British radio presenter

Peter Lloyd Price (born 25 January 1946) is a British radio personality best known for his work in Liverpool and across Merseyside. He hosted the Sunday night talk radio show Pete Price: Unzipped, which was broadcast across Liverpool sister stations Radio City and Radio City Talk. The show aired live from 10 pm to 2 am and followed an open forum format. He also had a weeknight phone-in, Late Night City, which aired live between 10 pm and 2 am from Monday to Thursday and was simulcast on Radio City Talk and Radio City 2. In 2017, he announced that he was cutting back his show from five nights a week to just Sunday night. From 2017 to 2020, he hosted Pete Price's Sunday Best from 10 pm to 1 am every Sunday, where his weekly phone-in guest was Paul McCartney's stepmother Angie, who lives in Los Angeles and provided Hollywood gossip. Price now broadcasts on In Demand Decades every Sunday night at 10 pm till 1 am.

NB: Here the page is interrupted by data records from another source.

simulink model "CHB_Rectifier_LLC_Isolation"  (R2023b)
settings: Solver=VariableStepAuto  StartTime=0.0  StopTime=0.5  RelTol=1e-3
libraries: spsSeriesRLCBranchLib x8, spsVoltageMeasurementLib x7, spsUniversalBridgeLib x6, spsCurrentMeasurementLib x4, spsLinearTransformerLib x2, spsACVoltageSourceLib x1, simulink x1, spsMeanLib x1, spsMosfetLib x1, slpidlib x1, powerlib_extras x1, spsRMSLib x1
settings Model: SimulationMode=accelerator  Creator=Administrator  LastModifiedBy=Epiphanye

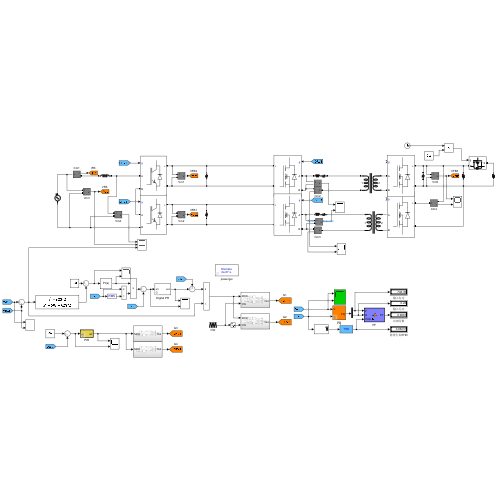
[thumbnail: Simulink's stored preview of the top-level diagram]
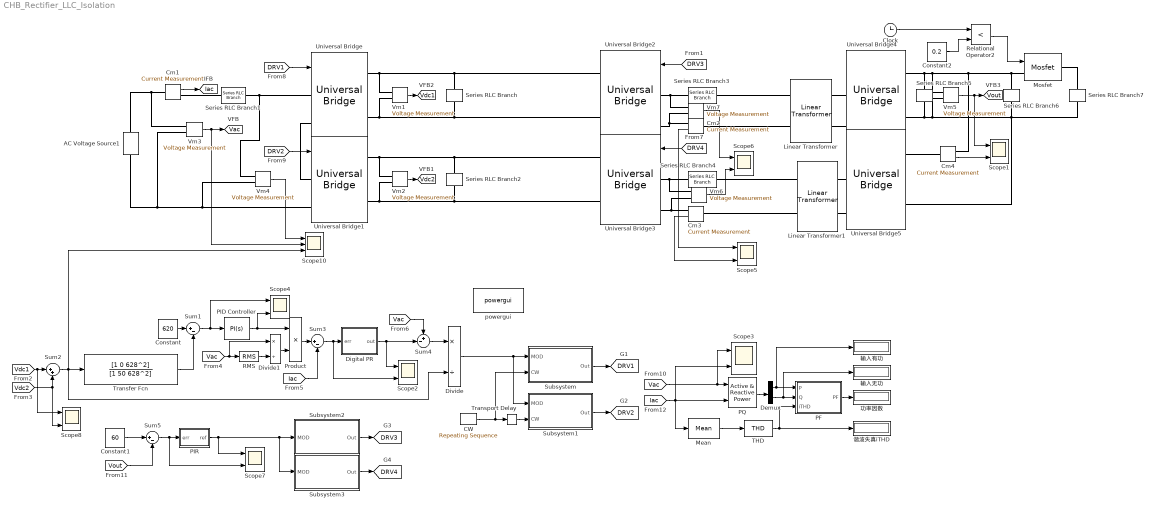
== system CHB_Rectifier_LLC_Isolation ==
  AC Voltage Source1 : spsACVoltageSourceLib/AC Voltage Source  Amplitude=537  Phase=0  Frequency=50  SampleTime=0  Measurements=None  BusType=swing  Pref=10e3  Qref=0  Qmin=-inf  Qmax=+inf
  CW : simulink/Sources/Repeating Sequence  rep_seq_t=[0 1/20000 1/10000]  rep_seq_y=[0 2 0]
  Clock : Clock
  Cm{1..4} (4 alike) : spsCurrentMeasurementLib/Current Measurement  PhasorSimulation=off  OutputType=Complex  PSBequivalent=0
  Constant : Constant  Value=620  VectorParams1D=off
  Constant1 : Constant  Value=60  VectorParams1D=off
  Constant2 : Constant  Value=0.2  VectorParams1D=off
  Demux : Demux  Outputs=2
  Digital PR : Subsystem  mask{Kp=8, Kr=100, Wc=5, Ts=1/40000, Upper=400, Lower=-400}
      mask DialogControl ParameterGroupVar Prompt: 参数
  Divide : Product  Inputs=*/
  Divide1 : Product  Inputs=*/
  Linear Transformer : spsLinearTransformerLib/Linear Transformer  UNITS=SI  NominalPower=[2500 60000]  winding1=[300 0.01 1e-6]  winding2=[100 0.01 1e-6]  ThreeWindings=off  winding3=[300 0.01 1e-6]  RmLm=[1e6 2e-4]  Measurements=None  DataType=on
  Linear Transformer1 : spsLinearTransformerLib/Linear Transformer  UNITS=SI  NominalPower=[2500 60000]  winding1=[300 0.01 1e-6]  winding2=[100 0.01 1e-6]  ThreeWindings=off  winding3=[300 0.01 1e-6]  RmLm=[1e6 2e-4]  Measurements=None  DataType=on
  Mean : spsMeanLib/Mean  Freq=10000  Vinit=0  Ts=0
  Mosfet : spsMosfetLib/Mosfet  Ron=0.01  Lon=0  Rd=0.01  Vfd=0  IC=0  Rs=1e5  Cs=inf  Measurements=off
  PF : MATLAB Function  TreatAsAtomicUnit=on
  PID Controller : slpidlib/PID Controller  Controller=PI  Form=Parallel  TimeDomain=Continuous-time  UseExternalTs=off  SampleTime=-1  IntegratorMethod=Forward Euler  FilterMethod=Forward Euler  ControllerParametersSource=internal  P=0.3  I=20  UseKiTs=off  D=0  N=100  UseFilter=on  TunerSelectOption=Transfer Function Based (PID Tuner App)  InitialConditionSource=internal  InitialConditionForIntegrator=0  InitialConditionForFilter=0  DifferentiatorICPrevScaledInput=0  ExternalReset=none  TrackingMode=off  Kt=1  LimitOutput=off  SatLimitsSource=internal  UpperSaturationLimit=50  LowerSaturationLimit=0  LinearizeAsGain=on  AntiWindupMode=none  Kb=1  LimitIntegrator=off  UpperIntegratorSaturationLimit=inf  LowerIntegratorSaturationLimit=-inf  POutMin=[]  POutMax=[]  IOutMin=[]  IOutMax=[]  DOutMin=[]  DOutMax=[]  NOutMin=[]  NOutMax=[]  SumOutMin=[]  SumOutMax=[]  SaturationOutMin=[]  SaturationOutMax=[]  PParamMin=[]  PParamMax=[]  IParamMin=[]  IParamMax=[]  DParamMin=[]  DParamMax=[]  NParamMin=[]  NParamMax=[]  KbParamMin=[]  KbParamMax=[]  KtParamMin=[]  KtParamMax=[]  KbOutMin=[]  KbOutMax=[]  KtOutMin=[]  KtOutMax=[]  IntegratorOutMin=[]  IntegratorOutMax=[]  FilterOutMin=[]  FilterOutMax=[]  SumI1OutMin=[]  SumI1OutMax=[]  SumI2OutMin=[]  SumI2OutMax=[]  SumI3OutMin=[]  SumI3OutMax=[]  SumI4OutMin=[]  SumI4OutMax=[]  SumDOutMin=[]  SumDOutMax=[]  DifferentiatorOutMin=[]  DifferentiatorOutMax=[]  FilterDiffOutCoefMin=[]  FilterDiffOutCoefMax=[]  ReciprocalOutMin=[]  ReciprocalOutMax=[]  SumDenOutMin=[]  SumDenOutMax=[]  SumNumOutMin=[]  SumNumOutMax=[]  DivideOutMin=[]  DivideOutMax=[]  UdiffTsProdOutMin=[]  UdiffTsProdOutMax=[]  NTsProdOutMin=[]  NTsProdOutMax=[]  UintegralTsProdOutMin=[]  UintegralTsProdOutMax=[]  UngainTsProdOutMin=[]  UngainTsProdOutMax=[]  ClampingZeroOutDataTypeStr=Inherit: Inherit via back propagation  ClampingZeroOutMin=[]  ClampingZeroOutMax=[]  FilterDenConstantOutDataTypeStr=Inherit: Inherit via back propagation  FilterDenConstantOutMin=[]  FilterDenConstantOutMax=[]  PCopyOutDataTypeStr=Inherit: Inherit via back propagation  PCopyOutMin=[]  PCopyOutMax=[]  NCopyOutDataTypeStr=Inherit: Inherit via back propagation  NCopyOutMin=[]  NCopyOutMax=[]  IntegratorContinuousStateAttributes=''  IntegratorStateMustResolveToSignalObject=off  IntegratorRTWStateStorageClass=Auto  FilterContinuousStateAttributes=''  FilterStateMustResolveToSignalObject=off  FilterRTWStateStorageClass=Auto  ParallelPVariant=InternalParameters  IdealPVariant=Disabled  IVariant=InternalParameters  DVariant=Disabled  IntegratorVariant=Continuous  SatVariant=Disabled  AWVariant=Passthrough  PCopyVariant=Disabled  TRVariant=Disabled  FdbkBlocksVariant=Forward  IdealPFdbkVariant=Disabled  SatFdbkVariant=Disabled  DerivativeFilterVariant=Disabled  NVariant=Disabled  NCopyVariant=Disabled_SignalSpec  FilterICVariant=Disabled  IntegratorICVariant=InternalICs  ExternalResetVariant=Disabled  TRSumVariant=Passthrough  SumFdbkVariant=Disabled  SumVariant=Sum_PI  TsampFilterVariant=InternalTs  TsampNgainVariant=Passthrough  TsampIntegralVariant=Disabled_SignalSpec  ExternalSaturationOutDataTypeStr=Inherit: Same as second input
  PIR : Subsystem  TreatAsAtomicUnit=on  mask{Kp=0.1, Kr=20, Wc=5, Upper=1, Lower=0}
  PQ : powerlib_extras/Measurements/Active & Reactive Power  f1=50
  Product : Product
  RMS : spsRMSLib/RMS  TrueRMS=on  Freq=50  RMSInit=380  Ts=0
  Relational Operator2 : RelationalOperator  Operator=<  OutDataTypeStr=boolean  InputSameDT=off
  Scope{1..8} (8 alike) : Scope  NumInputPorts=2
  Scope10 : Scope  NumInputPorts=3
  Series RLC Branch : spsSeriesRLCBranchLib/Series RLC Branch  LConnTagsString=__new0  RConnTagsString=__new0  BranchType=C  Resistance=0.1  Inductance=1e-3  SetiL0=off  InitialCurrent=0  Capacitance=2e-3  Setx0=on  InitialVoltage=300  Measurements=None
  Series RLC Branch1 : spsSeriesRLCBranchLib/Series RLC Branch  LConnTagsString=__new0  RConnTagsString=__new0  BranchType=L  Resistance=0.01  Inductance=3e-4  SetiL0=off  InitialCurrent=0  Capacitance=150e-6  Setx0=on  InitialVoltage=280  Measurements=None
  Series RLC Branch2 : spsSeriesRLCBranchLib/Series RLC Branch  LConnTagsString=__new0  RConnTagsString=__new0  BranchType=C  Resistance=0.1  Inductance=1e-3  SetiL0=off  InitialCurrent=0  Capacitance=2e-3  Setx0=on  InitialVoltage=280  Measurements=None
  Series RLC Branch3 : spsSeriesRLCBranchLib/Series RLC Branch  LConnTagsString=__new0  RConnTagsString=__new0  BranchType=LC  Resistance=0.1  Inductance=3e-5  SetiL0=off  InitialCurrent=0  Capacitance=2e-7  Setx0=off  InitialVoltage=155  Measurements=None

As a comedian, Price was a winner on the ITV talent show New Faces. He is also an author, patron, and artist for Claire House Children's Hospice and a columnist for the Liverpool Echo. He is openly gay, which is often the subject of prank calls to his radio show, as is the fact that he is dyslexic and has trouble reading text messages or emails on air. To complement his radio show, he also gives out a personal phone number for listeners to talk to him in confidence.

==Early life==
Peter Lloyd Price was born in Wrexham on 25 January 1946. He was adopted at approximately three months old, in April 1946, by Hilda Sandra Price and David William Lloyd. He was raised in West Kirby, Cheshire. He was notably closer to his mother than his father, who repeatedly was violent towards Price's mother. When he was 12, he came to terms with his homosexuality, but his doctor told him he would "grow out of it". Two years later, he went back to the same doctor, only to be prescribed Valium. A combination of his homosexuality, problems with school, and problems in his social life put him into a state of despair; at the age of 14, he attempted to overdose on child-strength aspirin, only to wake up the next morning.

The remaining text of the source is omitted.